### WHAT THE EXERCISE ASKS
Could you show all lines in the entries below that contain the string "Added"?

···

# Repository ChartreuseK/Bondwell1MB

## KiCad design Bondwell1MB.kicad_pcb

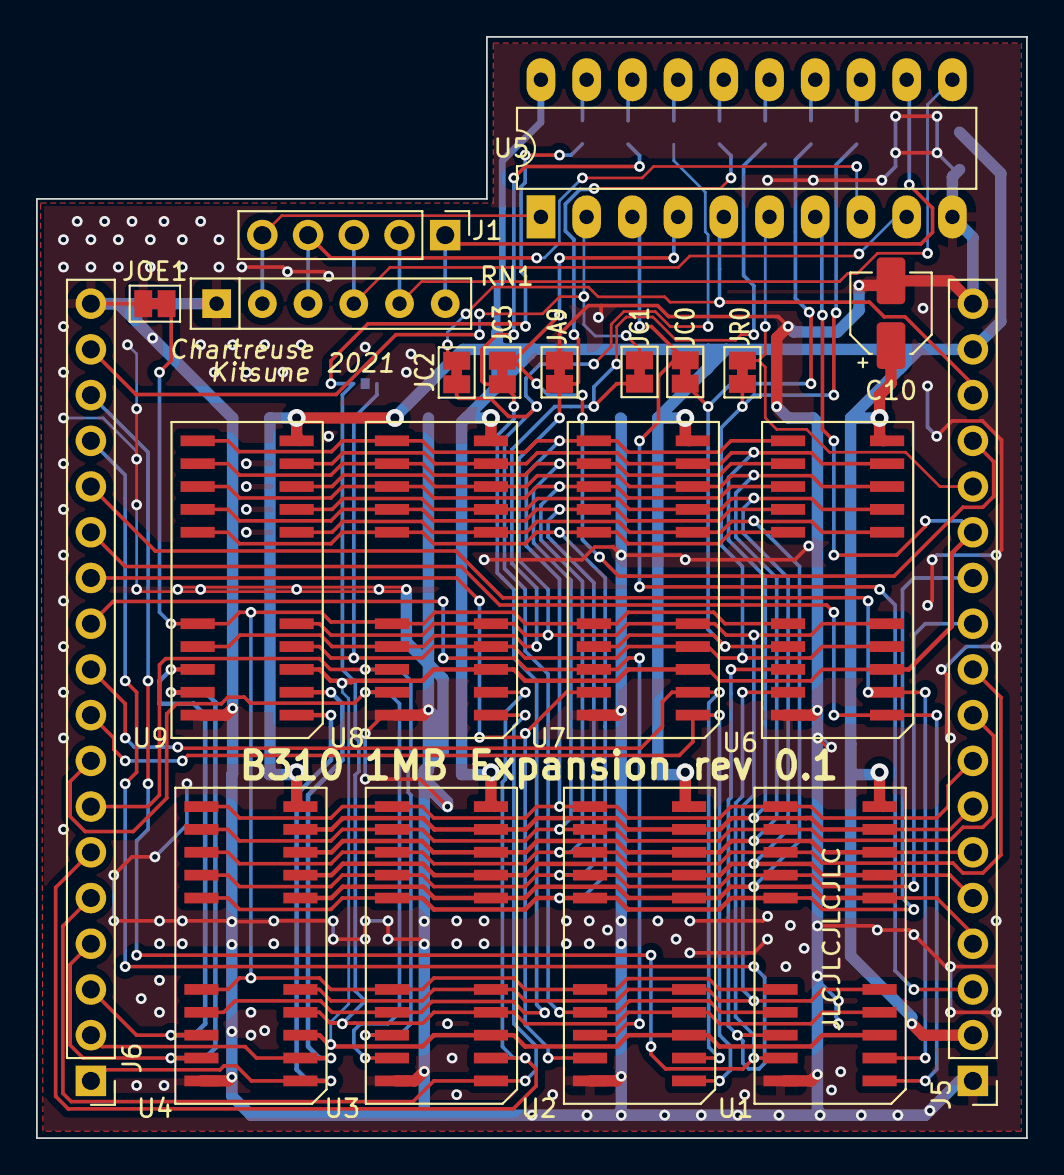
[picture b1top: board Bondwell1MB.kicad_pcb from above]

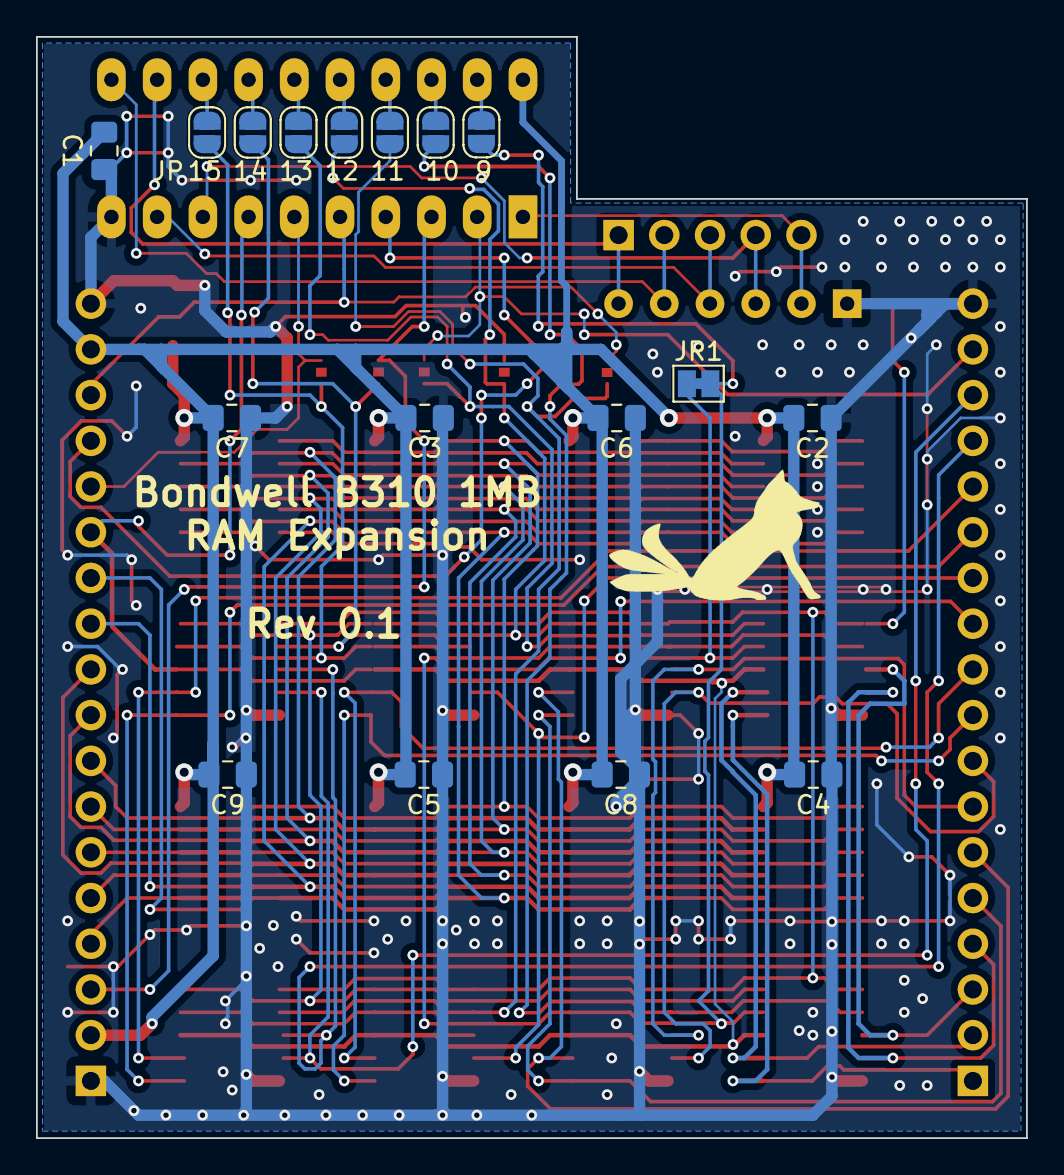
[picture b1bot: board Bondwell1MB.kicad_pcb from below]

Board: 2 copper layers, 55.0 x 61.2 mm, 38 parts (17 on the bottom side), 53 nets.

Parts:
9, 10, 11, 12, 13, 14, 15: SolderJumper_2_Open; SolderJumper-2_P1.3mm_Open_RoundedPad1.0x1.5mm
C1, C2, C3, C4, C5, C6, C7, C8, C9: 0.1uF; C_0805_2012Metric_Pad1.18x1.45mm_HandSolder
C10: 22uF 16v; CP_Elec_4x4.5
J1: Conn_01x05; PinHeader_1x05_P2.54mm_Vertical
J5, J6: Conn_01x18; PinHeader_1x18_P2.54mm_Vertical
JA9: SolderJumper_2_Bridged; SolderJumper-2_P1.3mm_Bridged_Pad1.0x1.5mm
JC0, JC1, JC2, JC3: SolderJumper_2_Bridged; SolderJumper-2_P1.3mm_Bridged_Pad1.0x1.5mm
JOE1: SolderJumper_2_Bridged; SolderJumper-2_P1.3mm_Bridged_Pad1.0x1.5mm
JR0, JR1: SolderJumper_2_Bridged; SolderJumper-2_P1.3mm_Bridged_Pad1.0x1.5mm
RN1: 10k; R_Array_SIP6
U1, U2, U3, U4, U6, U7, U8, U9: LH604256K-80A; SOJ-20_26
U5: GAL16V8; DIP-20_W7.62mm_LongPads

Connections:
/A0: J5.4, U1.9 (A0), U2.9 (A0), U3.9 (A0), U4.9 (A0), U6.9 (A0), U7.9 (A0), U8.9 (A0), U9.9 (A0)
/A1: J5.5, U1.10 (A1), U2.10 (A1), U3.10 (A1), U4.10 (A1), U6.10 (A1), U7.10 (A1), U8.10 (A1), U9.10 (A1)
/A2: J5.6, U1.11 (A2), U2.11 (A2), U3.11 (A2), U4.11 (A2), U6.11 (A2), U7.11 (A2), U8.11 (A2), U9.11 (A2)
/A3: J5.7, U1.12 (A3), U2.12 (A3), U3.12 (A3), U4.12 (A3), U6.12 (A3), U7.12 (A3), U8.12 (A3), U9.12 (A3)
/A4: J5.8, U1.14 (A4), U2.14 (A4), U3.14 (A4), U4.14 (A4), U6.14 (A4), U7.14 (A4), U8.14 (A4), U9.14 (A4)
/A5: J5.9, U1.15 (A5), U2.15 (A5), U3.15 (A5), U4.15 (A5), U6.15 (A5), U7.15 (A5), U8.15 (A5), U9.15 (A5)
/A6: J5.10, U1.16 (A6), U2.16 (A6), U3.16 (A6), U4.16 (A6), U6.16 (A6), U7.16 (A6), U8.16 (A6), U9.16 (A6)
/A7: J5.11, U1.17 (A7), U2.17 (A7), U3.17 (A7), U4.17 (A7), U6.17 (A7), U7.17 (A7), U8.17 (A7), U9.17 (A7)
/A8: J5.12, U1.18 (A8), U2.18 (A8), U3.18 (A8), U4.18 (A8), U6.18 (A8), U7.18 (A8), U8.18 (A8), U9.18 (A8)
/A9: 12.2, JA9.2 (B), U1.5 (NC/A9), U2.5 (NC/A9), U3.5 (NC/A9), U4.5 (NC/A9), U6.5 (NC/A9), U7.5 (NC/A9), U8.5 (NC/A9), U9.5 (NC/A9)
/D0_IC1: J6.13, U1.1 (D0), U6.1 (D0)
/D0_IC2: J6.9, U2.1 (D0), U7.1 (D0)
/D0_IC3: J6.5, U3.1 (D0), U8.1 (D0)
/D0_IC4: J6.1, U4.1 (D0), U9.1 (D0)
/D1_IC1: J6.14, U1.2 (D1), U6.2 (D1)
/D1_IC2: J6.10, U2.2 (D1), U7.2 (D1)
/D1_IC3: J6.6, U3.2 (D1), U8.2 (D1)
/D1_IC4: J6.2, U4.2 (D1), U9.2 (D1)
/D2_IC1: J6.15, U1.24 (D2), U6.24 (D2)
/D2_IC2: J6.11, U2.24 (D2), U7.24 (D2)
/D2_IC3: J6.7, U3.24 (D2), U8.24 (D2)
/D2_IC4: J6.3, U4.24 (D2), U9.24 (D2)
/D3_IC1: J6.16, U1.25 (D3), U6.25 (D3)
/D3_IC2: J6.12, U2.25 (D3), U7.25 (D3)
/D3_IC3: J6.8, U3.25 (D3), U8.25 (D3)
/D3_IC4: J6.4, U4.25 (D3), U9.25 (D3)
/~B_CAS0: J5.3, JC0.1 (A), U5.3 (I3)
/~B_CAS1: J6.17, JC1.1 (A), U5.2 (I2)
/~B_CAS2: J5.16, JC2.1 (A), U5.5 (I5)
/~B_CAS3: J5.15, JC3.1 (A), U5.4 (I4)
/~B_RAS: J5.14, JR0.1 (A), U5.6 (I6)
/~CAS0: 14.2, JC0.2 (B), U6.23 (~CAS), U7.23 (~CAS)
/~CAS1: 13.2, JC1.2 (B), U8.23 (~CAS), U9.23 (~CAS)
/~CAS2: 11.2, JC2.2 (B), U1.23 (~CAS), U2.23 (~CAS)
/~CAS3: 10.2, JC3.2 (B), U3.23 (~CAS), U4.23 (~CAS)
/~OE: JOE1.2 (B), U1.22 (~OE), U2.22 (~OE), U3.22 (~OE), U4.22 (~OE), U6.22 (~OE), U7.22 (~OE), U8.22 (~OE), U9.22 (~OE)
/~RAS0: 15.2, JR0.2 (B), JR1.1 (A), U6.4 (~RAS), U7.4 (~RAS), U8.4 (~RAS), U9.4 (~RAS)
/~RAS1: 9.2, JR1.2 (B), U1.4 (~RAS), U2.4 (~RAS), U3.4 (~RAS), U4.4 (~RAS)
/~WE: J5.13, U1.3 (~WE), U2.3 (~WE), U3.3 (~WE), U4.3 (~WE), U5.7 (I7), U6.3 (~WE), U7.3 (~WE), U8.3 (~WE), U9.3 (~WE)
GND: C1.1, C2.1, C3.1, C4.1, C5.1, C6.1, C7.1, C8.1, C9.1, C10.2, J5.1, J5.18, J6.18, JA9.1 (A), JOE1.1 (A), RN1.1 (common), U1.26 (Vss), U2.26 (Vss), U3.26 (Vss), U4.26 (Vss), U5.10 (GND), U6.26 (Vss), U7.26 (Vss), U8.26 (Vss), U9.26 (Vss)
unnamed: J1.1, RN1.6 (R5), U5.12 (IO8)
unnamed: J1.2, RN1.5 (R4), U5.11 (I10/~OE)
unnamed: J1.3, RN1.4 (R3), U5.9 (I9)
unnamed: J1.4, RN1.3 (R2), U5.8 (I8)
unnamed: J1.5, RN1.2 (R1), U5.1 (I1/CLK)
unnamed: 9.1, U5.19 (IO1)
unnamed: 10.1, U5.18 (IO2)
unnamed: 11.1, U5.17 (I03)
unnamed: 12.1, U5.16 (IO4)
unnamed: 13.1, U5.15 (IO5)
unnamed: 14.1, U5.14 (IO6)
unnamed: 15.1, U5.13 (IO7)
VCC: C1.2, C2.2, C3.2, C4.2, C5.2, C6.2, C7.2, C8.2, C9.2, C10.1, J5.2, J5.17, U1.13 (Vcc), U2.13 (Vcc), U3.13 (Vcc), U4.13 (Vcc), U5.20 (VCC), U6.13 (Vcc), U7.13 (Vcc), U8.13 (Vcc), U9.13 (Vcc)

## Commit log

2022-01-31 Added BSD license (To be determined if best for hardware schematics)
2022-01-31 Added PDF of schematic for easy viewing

···

### EXERCISE OUTPUT
2022-01-31 Added BSD license (To be determined if best for hardware schematics)
2022-01-31 Added PDF of schematic for easy viewing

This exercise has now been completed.